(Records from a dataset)
* * * * * * * * *

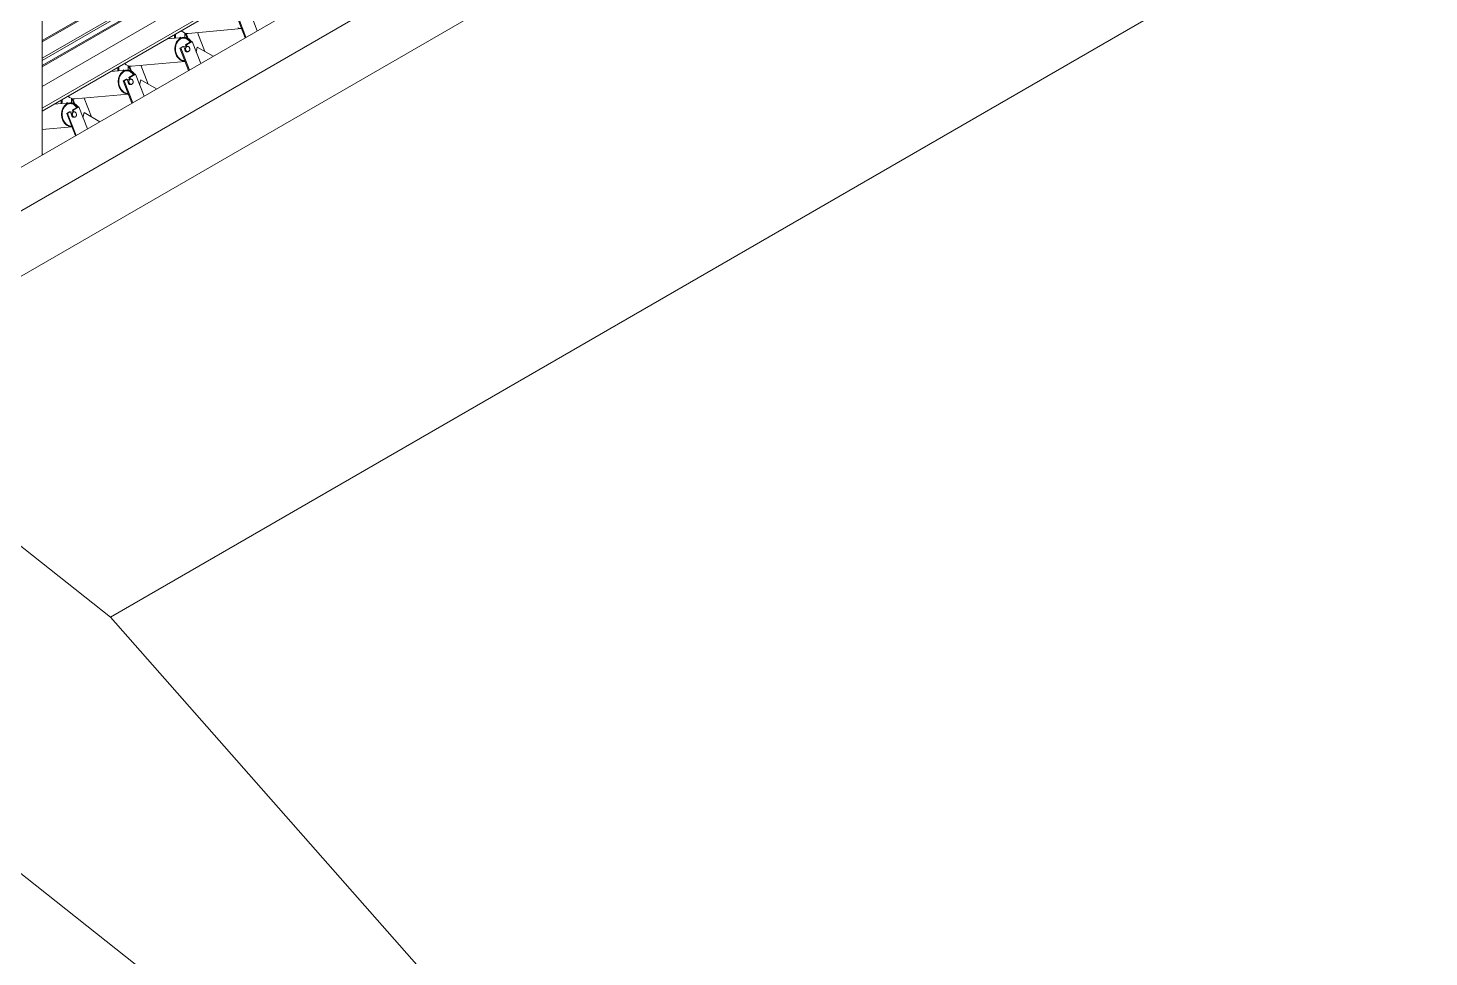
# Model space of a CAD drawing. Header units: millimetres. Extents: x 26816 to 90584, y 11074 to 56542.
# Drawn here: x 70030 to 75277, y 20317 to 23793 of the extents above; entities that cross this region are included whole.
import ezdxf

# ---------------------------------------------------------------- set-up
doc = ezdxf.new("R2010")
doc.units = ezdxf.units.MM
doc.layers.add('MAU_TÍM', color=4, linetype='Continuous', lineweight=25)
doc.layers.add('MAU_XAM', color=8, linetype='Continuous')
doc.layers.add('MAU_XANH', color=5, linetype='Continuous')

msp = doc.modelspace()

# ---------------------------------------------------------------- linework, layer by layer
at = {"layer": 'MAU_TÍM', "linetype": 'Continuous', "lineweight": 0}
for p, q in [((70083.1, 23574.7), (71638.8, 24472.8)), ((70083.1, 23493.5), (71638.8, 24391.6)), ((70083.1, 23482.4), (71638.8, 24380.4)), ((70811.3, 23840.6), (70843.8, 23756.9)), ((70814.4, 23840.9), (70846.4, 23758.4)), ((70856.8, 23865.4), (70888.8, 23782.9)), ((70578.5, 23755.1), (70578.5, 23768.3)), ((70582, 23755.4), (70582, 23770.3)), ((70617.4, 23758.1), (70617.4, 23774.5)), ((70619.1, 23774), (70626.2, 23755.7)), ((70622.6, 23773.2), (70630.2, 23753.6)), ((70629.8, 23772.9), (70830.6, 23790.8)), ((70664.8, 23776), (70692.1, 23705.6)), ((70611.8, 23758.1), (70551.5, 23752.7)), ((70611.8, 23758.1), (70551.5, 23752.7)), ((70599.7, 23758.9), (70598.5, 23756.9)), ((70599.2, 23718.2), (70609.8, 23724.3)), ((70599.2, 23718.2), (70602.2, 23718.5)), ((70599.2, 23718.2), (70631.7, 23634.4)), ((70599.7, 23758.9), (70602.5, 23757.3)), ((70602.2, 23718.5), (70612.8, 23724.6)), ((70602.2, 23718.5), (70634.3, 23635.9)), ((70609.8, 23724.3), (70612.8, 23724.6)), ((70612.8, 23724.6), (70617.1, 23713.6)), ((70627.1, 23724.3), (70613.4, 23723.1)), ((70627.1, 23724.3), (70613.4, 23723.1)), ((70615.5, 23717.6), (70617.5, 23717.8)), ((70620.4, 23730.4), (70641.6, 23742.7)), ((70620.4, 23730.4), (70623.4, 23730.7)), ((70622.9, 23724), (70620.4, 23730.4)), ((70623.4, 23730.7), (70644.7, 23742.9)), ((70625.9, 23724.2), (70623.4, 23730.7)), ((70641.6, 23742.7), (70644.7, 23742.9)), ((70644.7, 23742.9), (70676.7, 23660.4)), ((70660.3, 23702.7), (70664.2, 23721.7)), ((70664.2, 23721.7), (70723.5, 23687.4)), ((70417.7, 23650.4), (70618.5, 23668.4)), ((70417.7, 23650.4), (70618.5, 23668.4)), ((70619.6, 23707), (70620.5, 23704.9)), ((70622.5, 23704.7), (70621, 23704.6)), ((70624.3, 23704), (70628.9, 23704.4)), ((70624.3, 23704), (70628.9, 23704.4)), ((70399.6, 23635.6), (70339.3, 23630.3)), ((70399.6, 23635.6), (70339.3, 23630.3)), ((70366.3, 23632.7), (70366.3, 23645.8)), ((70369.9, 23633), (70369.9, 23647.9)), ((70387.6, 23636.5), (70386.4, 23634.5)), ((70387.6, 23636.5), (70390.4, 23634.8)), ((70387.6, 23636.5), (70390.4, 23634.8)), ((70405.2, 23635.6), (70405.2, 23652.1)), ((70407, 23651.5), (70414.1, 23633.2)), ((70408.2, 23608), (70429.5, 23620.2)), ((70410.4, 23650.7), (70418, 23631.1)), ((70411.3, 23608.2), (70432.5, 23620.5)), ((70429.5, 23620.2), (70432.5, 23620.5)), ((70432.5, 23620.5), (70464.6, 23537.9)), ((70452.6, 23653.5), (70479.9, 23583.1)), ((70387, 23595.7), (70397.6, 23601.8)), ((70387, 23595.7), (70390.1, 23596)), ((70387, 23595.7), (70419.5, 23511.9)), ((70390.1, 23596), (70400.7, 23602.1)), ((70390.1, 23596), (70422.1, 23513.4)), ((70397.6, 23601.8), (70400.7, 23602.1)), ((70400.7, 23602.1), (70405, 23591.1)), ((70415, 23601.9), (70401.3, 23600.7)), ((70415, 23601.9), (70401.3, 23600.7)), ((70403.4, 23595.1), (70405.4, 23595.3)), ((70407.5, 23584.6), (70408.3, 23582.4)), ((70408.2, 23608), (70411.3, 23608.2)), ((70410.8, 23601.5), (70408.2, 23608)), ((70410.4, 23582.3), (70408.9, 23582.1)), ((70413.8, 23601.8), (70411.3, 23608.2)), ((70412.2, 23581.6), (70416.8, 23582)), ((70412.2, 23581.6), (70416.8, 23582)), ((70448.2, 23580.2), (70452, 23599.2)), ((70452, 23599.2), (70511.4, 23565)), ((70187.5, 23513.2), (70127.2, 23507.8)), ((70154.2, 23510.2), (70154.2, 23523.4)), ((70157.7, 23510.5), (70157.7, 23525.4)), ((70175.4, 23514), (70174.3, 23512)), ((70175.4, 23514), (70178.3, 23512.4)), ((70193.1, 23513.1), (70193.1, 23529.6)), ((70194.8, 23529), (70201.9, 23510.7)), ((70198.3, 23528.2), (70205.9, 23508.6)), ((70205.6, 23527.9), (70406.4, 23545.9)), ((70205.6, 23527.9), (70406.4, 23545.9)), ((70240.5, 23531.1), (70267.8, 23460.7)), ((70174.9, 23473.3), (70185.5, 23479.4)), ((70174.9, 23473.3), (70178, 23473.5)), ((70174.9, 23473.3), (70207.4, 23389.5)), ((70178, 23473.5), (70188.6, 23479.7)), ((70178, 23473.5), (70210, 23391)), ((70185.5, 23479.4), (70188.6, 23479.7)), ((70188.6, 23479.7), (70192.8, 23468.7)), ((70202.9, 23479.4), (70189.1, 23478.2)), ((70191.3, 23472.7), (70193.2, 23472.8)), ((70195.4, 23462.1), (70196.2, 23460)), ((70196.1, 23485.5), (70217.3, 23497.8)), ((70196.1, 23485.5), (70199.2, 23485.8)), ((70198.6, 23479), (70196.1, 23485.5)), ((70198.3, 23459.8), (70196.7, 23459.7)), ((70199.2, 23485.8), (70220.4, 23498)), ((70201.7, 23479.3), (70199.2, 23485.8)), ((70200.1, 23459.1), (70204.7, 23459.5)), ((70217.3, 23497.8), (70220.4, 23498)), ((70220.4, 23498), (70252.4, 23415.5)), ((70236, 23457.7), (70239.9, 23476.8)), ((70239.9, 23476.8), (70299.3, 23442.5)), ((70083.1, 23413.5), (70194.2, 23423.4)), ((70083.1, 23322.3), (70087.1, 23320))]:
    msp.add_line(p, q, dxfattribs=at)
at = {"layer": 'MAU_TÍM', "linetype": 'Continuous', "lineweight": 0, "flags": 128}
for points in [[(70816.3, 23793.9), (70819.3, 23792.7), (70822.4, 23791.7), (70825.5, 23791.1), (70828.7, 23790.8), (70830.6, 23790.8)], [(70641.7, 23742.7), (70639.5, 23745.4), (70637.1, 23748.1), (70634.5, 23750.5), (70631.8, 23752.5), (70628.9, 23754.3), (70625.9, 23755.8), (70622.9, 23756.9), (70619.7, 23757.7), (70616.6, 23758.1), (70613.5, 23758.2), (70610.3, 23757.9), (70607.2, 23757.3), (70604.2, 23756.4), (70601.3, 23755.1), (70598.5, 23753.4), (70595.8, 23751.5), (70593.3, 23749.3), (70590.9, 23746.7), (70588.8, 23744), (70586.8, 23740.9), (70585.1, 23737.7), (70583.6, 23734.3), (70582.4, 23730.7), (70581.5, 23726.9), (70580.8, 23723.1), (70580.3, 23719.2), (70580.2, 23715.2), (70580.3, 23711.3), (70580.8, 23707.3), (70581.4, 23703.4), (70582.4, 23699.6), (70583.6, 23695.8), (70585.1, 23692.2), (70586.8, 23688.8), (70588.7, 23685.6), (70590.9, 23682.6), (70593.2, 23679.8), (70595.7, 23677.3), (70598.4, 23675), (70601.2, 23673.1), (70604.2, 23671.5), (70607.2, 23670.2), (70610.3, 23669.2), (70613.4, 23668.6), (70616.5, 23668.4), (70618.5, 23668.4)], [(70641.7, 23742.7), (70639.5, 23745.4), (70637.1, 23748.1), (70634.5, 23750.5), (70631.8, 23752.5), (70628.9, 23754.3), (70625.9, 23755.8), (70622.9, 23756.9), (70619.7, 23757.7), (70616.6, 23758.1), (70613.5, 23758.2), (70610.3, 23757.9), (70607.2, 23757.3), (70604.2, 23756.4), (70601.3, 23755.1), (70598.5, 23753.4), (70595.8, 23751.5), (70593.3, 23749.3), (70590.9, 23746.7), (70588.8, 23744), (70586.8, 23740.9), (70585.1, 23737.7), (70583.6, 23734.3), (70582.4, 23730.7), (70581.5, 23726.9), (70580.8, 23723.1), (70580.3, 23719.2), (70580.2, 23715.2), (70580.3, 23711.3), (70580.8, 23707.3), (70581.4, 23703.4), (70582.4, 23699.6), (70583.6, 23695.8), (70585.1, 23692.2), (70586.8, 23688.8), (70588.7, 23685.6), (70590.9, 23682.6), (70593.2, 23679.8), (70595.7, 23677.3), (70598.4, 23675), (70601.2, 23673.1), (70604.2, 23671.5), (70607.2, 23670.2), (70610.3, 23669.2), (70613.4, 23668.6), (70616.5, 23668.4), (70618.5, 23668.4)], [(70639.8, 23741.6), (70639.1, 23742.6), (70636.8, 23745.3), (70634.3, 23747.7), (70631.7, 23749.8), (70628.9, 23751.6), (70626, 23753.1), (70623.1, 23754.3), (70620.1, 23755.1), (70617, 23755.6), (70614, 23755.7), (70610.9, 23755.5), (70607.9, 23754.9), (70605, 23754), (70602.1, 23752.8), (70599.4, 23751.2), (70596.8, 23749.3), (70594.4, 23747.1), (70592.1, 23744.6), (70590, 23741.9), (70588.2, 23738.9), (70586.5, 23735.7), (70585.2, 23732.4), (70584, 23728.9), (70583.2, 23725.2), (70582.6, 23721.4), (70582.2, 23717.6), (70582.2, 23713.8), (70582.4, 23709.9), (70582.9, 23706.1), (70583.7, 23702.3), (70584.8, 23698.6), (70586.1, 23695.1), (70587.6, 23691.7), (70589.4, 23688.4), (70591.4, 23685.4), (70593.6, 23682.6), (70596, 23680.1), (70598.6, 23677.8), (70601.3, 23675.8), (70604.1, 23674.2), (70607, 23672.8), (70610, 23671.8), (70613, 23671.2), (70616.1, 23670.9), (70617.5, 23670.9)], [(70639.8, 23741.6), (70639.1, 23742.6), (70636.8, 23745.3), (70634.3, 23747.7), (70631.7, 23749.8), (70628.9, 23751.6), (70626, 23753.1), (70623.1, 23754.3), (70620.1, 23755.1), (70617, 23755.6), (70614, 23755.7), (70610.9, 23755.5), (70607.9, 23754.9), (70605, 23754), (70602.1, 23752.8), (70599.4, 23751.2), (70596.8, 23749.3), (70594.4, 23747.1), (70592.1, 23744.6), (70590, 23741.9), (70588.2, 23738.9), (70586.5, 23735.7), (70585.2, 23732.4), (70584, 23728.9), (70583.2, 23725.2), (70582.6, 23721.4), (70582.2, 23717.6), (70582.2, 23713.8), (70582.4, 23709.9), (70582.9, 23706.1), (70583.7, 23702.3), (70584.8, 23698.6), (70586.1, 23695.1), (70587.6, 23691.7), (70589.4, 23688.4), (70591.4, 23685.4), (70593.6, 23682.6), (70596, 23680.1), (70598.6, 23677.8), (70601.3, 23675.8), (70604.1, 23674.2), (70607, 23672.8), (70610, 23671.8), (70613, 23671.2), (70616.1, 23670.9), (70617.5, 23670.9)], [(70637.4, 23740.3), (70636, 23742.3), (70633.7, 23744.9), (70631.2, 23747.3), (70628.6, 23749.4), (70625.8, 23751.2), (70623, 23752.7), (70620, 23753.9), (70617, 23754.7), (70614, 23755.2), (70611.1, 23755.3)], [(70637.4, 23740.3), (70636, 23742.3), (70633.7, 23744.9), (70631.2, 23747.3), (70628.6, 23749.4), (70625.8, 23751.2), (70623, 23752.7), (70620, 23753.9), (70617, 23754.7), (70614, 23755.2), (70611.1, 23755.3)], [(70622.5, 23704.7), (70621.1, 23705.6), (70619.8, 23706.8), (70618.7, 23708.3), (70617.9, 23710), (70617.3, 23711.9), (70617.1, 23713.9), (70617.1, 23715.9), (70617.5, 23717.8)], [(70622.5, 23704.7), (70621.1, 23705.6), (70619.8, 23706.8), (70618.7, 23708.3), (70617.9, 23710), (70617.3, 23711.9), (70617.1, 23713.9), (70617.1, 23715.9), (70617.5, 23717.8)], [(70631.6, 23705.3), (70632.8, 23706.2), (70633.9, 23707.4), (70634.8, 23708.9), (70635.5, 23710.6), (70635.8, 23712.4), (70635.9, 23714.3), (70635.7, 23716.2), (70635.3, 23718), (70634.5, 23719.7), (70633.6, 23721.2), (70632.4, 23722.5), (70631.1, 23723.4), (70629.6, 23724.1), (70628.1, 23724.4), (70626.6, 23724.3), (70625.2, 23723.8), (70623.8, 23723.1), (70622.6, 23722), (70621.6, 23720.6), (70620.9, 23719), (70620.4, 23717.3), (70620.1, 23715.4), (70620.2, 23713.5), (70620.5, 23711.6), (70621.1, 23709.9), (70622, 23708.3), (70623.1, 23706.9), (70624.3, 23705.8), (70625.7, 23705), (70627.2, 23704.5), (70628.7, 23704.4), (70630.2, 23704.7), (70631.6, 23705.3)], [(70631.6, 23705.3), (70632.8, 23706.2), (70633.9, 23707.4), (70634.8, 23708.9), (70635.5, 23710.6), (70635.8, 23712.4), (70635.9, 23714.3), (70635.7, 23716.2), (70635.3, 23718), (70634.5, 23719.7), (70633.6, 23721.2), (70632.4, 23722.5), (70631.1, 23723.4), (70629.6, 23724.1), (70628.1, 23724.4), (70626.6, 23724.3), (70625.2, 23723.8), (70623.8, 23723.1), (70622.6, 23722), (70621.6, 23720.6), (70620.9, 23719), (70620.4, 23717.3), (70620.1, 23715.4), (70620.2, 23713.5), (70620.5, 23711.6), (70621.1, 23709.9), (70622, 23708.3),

* * * * * * * * *

Copy each line from the entries above that has the word "units" in it.

» **EXERCISE RESULT**:
# Model space of a CAD drawing. Header units: millimetres. Extents: x 26816 to 90584, y 11074 to 56542.
doc.units = ezdxf.units.MM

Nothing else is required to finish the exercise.